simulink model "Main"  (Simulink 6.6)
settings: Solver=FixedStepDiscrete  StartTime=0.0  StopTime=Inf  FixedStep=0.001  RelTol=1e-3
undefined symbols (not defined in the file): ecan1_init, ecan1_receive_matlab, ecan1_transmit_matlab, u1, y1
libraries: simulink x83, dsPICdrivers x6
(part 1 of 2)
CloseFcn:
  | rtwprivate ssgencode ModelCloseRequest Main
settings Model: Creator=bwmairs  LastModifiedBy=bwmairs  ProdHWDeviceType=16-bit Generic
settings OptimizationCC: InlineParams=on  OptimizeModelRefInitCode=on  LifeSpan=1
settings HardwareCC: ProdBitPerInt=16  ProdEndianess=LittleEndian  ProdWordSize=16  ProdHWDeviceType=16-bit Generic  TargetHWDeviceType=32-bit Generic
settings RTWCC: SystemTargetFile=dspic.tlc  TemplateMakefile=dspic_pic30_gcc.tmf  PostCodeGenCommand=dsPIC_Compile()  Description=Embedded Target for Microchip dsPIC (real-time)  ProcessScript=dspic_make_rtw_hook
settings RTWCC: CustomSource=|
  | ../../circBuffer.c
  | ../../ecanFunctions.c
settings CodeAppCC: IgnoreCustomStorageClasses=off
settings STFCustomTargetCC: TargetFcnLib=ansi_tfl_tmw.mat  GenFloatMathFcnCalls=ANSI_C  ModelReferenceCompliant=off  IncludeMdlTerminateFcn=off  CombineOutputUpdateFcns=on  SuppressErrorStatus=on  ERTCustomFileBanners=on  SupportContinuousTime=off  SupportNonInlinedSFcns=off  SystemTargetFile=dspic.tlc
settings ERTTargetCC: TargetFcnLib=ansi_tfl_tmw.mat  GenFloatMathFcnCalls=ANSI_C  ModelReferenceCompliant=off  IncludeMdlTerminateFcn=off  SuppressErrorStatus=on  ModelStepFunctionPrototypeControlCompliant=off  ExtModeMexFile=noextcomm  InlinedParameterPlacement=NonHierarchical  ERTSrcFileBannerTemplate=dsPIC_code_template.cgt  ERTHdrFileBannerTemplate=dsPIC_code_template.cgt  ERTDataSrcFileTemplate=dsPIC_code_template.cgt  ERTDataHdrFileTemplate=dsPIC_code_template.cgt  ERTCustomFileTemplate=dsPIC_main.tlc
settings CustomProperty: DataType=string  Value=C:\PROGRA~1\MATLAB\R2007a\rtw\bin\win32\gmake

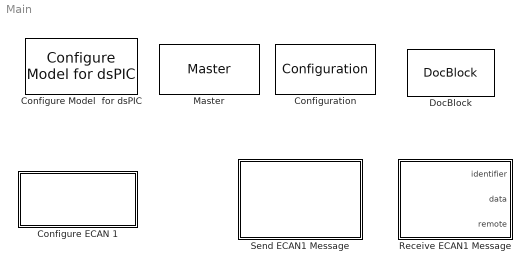
== system Main ==
  Configuration : dsPICdrivers/Configuration  SystemSampleTime=-1  double64=off
  Configure ECAN 1 : Subsystem  mask(Initialize ECAN 1){frame_setting=off, mode=Normal, dma_rx_chan=2, dma_tx_chan=0, baud=2500, cpu_freq=40000, ps1=8, pd=5, ps2=6, sjw=3, tq=20, triple_sample=on, dma_buf_size=4 buffers, rx_bufs=[0], tx_bufs=[1], buf_0_tx_pri=Highest, buf_0_rte=No, buf_1_tx_pri=Highest, buf_1_rte=No, buf_2_tx_pri=Lowest, buf_2_rte=No, buf_3_tx_pri=Lowest, buf_3_rte=No, buf_4_tx_pri=Lowest, buf_4_rte=No, buf_5_tx_pri=Lowest, buf_5_rte=No, buf_6_tx_pri=Lowest, buf_6_rte=No, buf_7_tx_pri=Lowest, buf_7_rte=No, mask_0=0, mask_0_rm=0, mask_1=0, mask_1_rm=0, mask_2=0, mask_2_rm=0, filters=[0 1 2], filter_0=hex2dec('400'), filter_0_mask=1, filter_0_exide=off, filter_0_buf=1, filter_1=hex2dec('401'), filter_1_mask=1, filter_1_exide=off, filter_1_buf=1, filter_2=hex2dec('402'), filter_2_mask=1, filter_2_exide=off, filter_2_buf=1, filter_3=0, filter_3_mask=0, filter_3_exide=off, filter_3_buf=0, filter_4=0, filter_4_mask=0, filter_4_exide=0, filter_4_buf=0, filter_5=0, filter_5_mask=0, filter_5_exide=off, filter_5_buf=0, filter_6=0, filter_6_mask=0, filter_6_exide=off, filter_6_buf=0, filter_7=0, filter_7_mask=0, filter_7_exide=off, filter_7_buf=0, filter_8=0, filter_8_mask=0, filter_8_exide=off, filter_8_buf=0, filter_9=0, filter_9_mask=0, filter_9_exide=off, filter_9_buf=0, filter_10=0, filter_10_mask=0, filter_10_exide=off, filter_10_buf=0, filter_11=0, filter_11_mask=0, filter_11_exide=off, filter_11_buf=0, filter_12=0, filter_12_mask=0, filter_12_exide=off, filter_12_buf=0, filter_13=0, filter_13_mask=0, filter_13_exide=off, filter_13_buf=0, filter_14=0, filter_14_mask=0, filter_14_exide=off, filter_14_buf=0, filter_15=0, filter_15_mask=0, filter_15_exide=off, filter_15_buf=0}
      mask prompts: frame_setting "Extended Frames (Standard if unchecked)"; dma_rx_chan "DMA Reception Channel"; dma_tx_chan "DMA Transmission Channel"; baud "Baud Rate (hundreds of bps)"; cpu_freq "CPU Frequency (in kHz)"; ps1 "Phase Segment 1"; pd "Propagation Delay"; ps2 "Phase Segment 2"; sjw "Sync Jump Width"; tq "Time Quanta"; triple_sample "Triple-sample"; dma_buf_size "DMA Buffer Size"; rx_bufs "Reception Buffers"; tx_bufs "Transmission Buffers"; buf_0_tx_pri "Buffer 0 Transmission Priority"; buf_0_rte "Buffer 0 Remote Transmit Enable"; buf_1_tx_pri "Buffer 1 Transmission Priority"; buf_1_rte "Buffer 1 Remote Transmit Enable"; buf_2_tx_pri "Buffer 2 Transmission Priority"; buf_2_rte "Buffer 2 Remote Transmit Enable"; buf_3_tx_pri "Buffer 3 Transmission Priority"; buf_3_rte "Buffer 3 Remote Transmit Enable"; buf_4_tx_pri "Buffer 4 Transmission Priority"; buf_4_rte "Buffer 4 Remote Transmit Enable"; buf_5_tx_pri "Buffer 5 Transmission Priority"; buf_5_rte "Buffer 5 Remote Transmit Enable"; buf_6_tx_pri "Buffer 6 Transmission Priority"; buf_6_rte "Buffer 6 Remote Transmit Enable"; buf_7_tx_pri "Buffer 7 Transmission Priority"; buf_7_rte "Buffer 7 Remote Transmit Enable"; mask_0 "Mask 0"; mask_0_rm "Mask 0 Receive Mode"; mask_1 "Mask 1"; mask_1_rm "Mask 1 Receive Mode"; mask_2 "Mask 2"; mask_2_rm "Mask 2 Receive Mode"; filter_0 "Filter 0"; filter_0_mask "Filter 0 Mask"; filter_0_exide "Filter 0 Extended Enable"; filter_0_buf "Filter 0 Buffer"; filter_1 "Filter 1"; filter_1_mask "Filter 1 Mask"; filter_1_exide "Filter 1 Extended Enable"; filter_1_buf "Filter 1 Buffer"; filter_2 "Filter 2"; filter_2_mask "Filter 2 Mask"; filter_2_exide "Filter 2 Extended Enable"; filter_2_buf "Filter 2 Buffer"; filter_3 "Filter 3"; filter_3_mask "Filter 3 Mask"; filter_3_exide "Filter 3 Extended Enable"; filter_3_buf "Filter 3 Buffer"; filter_4 "Filter 4"; filter_4_mask "Filter 4 Mask"; filter_4_exide "Filter 4 Extended Enable"; filter_4_buf "Filter 4 Buffer"; filter_5 "Filter 5"; filter_5_mask "Filter 5 Mask"; filter_5_exide "Filter 5 Extended Enable"; filter_5_buf "Filter 5 Buffer"; filter_6 "Filter 6"; filter_6_mask "Filter 6 Mask"; filter_6_exide "Filter 6 Extended Enable"; filter_6_buf "Filter 6 Buffer"; filter_7 "Filter 7"; filter_7_mask "Filter 7 Mask"; filter_7_exide "Filter 7 Extended Enable"; filter_7_buf "Filter 7 Buffer"; filter_8 "Filter 8"; filter_8_mask "Filter 8 Mask"; filter_8_exide "Filter 8 Extended Enable"; filter_8_buf "Filter 8 Buffer"; filter_9 "Filter 9"; filter_9_mask "Filter 9 Mask"; filter_9_exide "Filter 9 Extended Enable"; filter_9_buf "Filter 9 Buffer"; filter_10 "Filter 10"; filter_10_mask "Filter 10 Mask"; filter_10_exide "Filter 10 Extended Enable"; filter_10_buf "Filter 10 Buffer"; filter_11 "Filter 11"; filter_11_mask "Filter 11 Mask"; filter_11_exide "Filter 11 Extended Enable"; filter_11_buf "Filter 11 Buffer"; filter_12 "Filter 12"; filter_12_mask "Filter 12 Mask"; filter_12_exide "Filter 12 Extended Enable"; filter_12_buf "Filter 12 Buffer"; filter_13 "Filter 13"; filter_13_mask "Filter 13 Mask"; filter_13_exide "Filter 13 Extended Enable"; filter_13_buf "Filter 13 Buffer"; filter_14 "Filter 14"; filter_14_mask "Filter 14 Mask"; filter_14_exide "Filter 14 Extended Enable"; filter_14_buf "Filter 14 Buffer"; filter_15 "Filter 15"; filter_15_mask "Filter 15 Mask"; filter_15_exide "Filter 15 Extended Enable"; filter_15_buf "Filter 15 Buffer"
      mask help: Initializes the ECAN 1 module on the dsPIC33f. Allows for configuration of almost all ECAN options to produce a usable system.
      mask StyleString: checkbox,popup(Normal|Disabled|Loopback|Listen only|Configuration|UNDEFINED|UNDEFINED|Listen all),edit,edit,edit,edit,edit,edit,edit,popup(0|1|2|3),edit,checkbox,popup(4 buffers|6 buffers|8 buffers|12 buffers|16 buffers|24 buffers|32 buffers),edit,edit,popup(Lowest|Low|High|Highest),popup(No|Yes),popup(Lowest|Low|High|Highest),popup(No|Yes),popup(Lowest|Low|High|Highest),popup(No|Yes),popup(Lowest|Low|High|Highest),popup(No|Yes),popup(Lowest|Low|High|Highest),popup(No|Yes),popup(Lowest|Low|High|Highest),popup(No|Yes),popup(Lowest|Low|High|Highest),popup(No|Yes),popup(Lowest|Low|High|Highest),popup(No|Yes),edit,popup(0|1),edit,popup(0|1),edit,popup(0|1),edit,edit,popup(--|0|1|2),checkbox,popup(0|1|2|3|4|5|6|7|8|9|10|11|12|13|14|FIFO),edit,popup(0|1|2|--),checkbox,popup(0|1|2|3|4|5|6|7|8|9|10|11|12|13|14|FIFO),edit,popup(0|1|2|--),checkbox,popup(0|1|2|3|4|5|6|7|8|9|10|11|12|13|14|FIFO),edit,popup(0|1|2|--),checkbox,popup(0|1|2|3|4|5|6|7|8|9|10|11|12|13|14|FIFO),edit,popup(0|1|2|--),edit,popup(0|1|2|3|4|5|6|7|8|9|10|11|12|13|14|FIFO),edit,popup(0|1|2|--),checkbox,popup(0|1|2|3|4|5|6|7|8|9|10|11|12|13|14|FIFO),edit,popup(0|1|2|--),checkbox,popup(0|1|2|3|4|5|6|7|8|9|10|11|12|13|14|FIFO),edit,popup(0|1|2|--),checkbox,popup(0|1|2|3|4|5|6|7|8|9|10|11|12|13|14|FIFO),edit,popup(0|1|2|--),checkbox,popup(0|1|2|3|4|5|6|7|8|9|10|11|12|13|14|FIFO),edit,popup(0|1|2|--),checkbox,popup(0|1|2|3|4|5|6|7|8|9|10|11|12|13|14|FIFO),edit,popup(0|1|2|--),checkbox,popup(0|1|2|3|4|5|6|7|8|9|10|11|12|13|14|FIFO),edit,popup(0|1|2|--),checkbox,popup(0|1|2|3|4|5|6|7|8|9|10|11|12|13|14|FIFO),edit,popup(0|1|2|--),checkbox,popup(0|1|2|3|4|5|6|7|8|9|10|11|12|13|14|FIFO),edit,popup(0|1|2|--),checkbox,popup(0|1|2|3|4|5|6|7|8|9|10|11|12|13|14|FIFO),edit,popup(0|1|2|--),checkbox,popup(0|1|2|3|4|5|6|7|8|9|10|11|12|13|14|FIFO),edit,popup(0|1|2|--),checkbox,popup(0|1|2|3|4|5|6|7|8|9|10|11|12|13|14|FIFO)
      mask CallbackString:
      | ||||||tq = 1 + str2num(get_param(gcb, 'ps1')) + str2num(get_param(gcb, 'pd')) + str2num(get_param(gcb, 'ps2'));
      | set_param(gcb, 'tq', int2str(tq));|tq = 1 + str2num(get_param(gcb, 'ps1')) + str2num(get_param(gcb, 'pd')) + str2num(get_param(gcb, 'ps2'));
      | set_param(gcb, 'tq', int2str(tq));|tq = 1 + str2num(get_param(gcb, 'ps1')) + str2num(get_param(gcb, 'pd')) + str2num(get_param(gcb, 'ps2'));
      | set_param(gcb, 'tq', int2str(tq));||||||filters = eval(get_param(gcb,'tx_bufs'));
      | mVisibilities = get_param(gcb,'MaskVisibilities');
      | mNames = get_param(gcb,'MaskNames');
      | for i = 1:size(mNames);
      | 	n = mNames{i};
      |     if size(n,2) > 4 && strcmp(n(1:4), 'buf_') == 1
      |         filterNumber = sscanf(n, 'buf_%d');
      |         if isempty(find(filters == filterNumber, 1)) == 0
      |              mVisibilities{i} = 'on';
      |         else
      |              mVisibilities{i} = 'off';
      |         end
      |     end
      | end
      | set_param(gcb, 'MaskVisibilities', mVisibilities);|||||||||||||||||||||||filters = eval(get_param(gcb,'filters'));
      | mVisibilities = get_param(gcb,'MaskVisibilities');
      | mNames = get_param(gcb,'MaskNames');
      | for i = 1:size(mNames);
      | 	n = mNames{i};
      |     if size(n,2) > 7 && strcmp(n(1:7), 'filter_') == 1
      |         filterNumber = sscanf(n, 'filter_%d');
      |         if isempty(find(filters == filterNumber, 1)) == 0
      |              mVisibilities{i} = 'on';
      |         else
      |              mVisibilities{i} = 'off';
      |         end
      |     end
      | end
      | set_param(gcb, 'MaskVisibilities', mVisibilities);||||||||||||||||||||||||||||||||||||||||||||||||||||||||||||||||
      mask Display: text(0.5,0.5,'Configure ECAN1','horizontalAlignment','center','verticalAlignment','middle');
  Configure Model  for dsPIC : dsPICdrivers/Simulink Configuration/Configure Model  for dsPIC
  DocBlock : simulink/Model-Wide Utilities/DocBlock  SystemSampleTime=-1  DocumentType=Text
      content=|
      | This model recreates the Crosswire application note from Microchip.
      | The Debugging directory includes an MPLAB project that can compile and load
      | the MATLAB-generated code in order to facilitate debugging.
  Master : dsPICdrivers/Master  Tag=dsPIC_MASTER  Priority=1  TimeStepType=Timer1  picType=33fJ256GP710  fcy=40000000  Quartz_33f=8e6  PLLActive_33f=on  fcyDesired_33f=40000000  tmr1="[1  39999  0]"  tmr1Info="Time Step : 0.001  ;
^^^^^^^^
▸ Assignment
When you reach the line with "settings HardwareCC: ProdBitPerInt=16" in the records above, start writing out lines exactly, and stop once the line with "settings STFCustomTargetCC: TargetFcnLib=ansi_tfl_tmw.mat" has been written; include nothing else.

▸ Solution to the exercise
settings HardwareCC: ProdBitPerInt=16  ProdEndianess=LittleEndian  ProdWordSize=16  ProdHWDeviceType=16-bit Generic  TargetHWDeviceType=32-bit Generic
settings RTWCC: SystemTargetFile=dspic.tlc  TemplateMakefile=dspic_pic30_gcc.tmf  PostCodeGenCommand=dsPIC_Compile()  Description=Embedded Target for Microchip dsPIC (real-time)  ProcessScript=dspic_make_rtw_hook
settings RTWCC: CustomSource=|
  | ../../circBuffer.c
  | ../../ecanFunctions.c
settings CodeAppCC: IgnoreCustomStorageClasses=off
settings STFCustomTargetCC: TargetFcnLib=ansi_tfl_tmw.mat  GenFloatMathFcnCalls=ANSI_C  ModelReferenceCompliant=off  IncludeMdlTerminateFcn=off  CombineOutputUpdateFcns=on  SuppressErrorStatus=on  ERTCustomFileBanners=on  SupportContinuousTime=off  SupportNonInlinedSFcns=off  SystemTargetFile=dspic.tlc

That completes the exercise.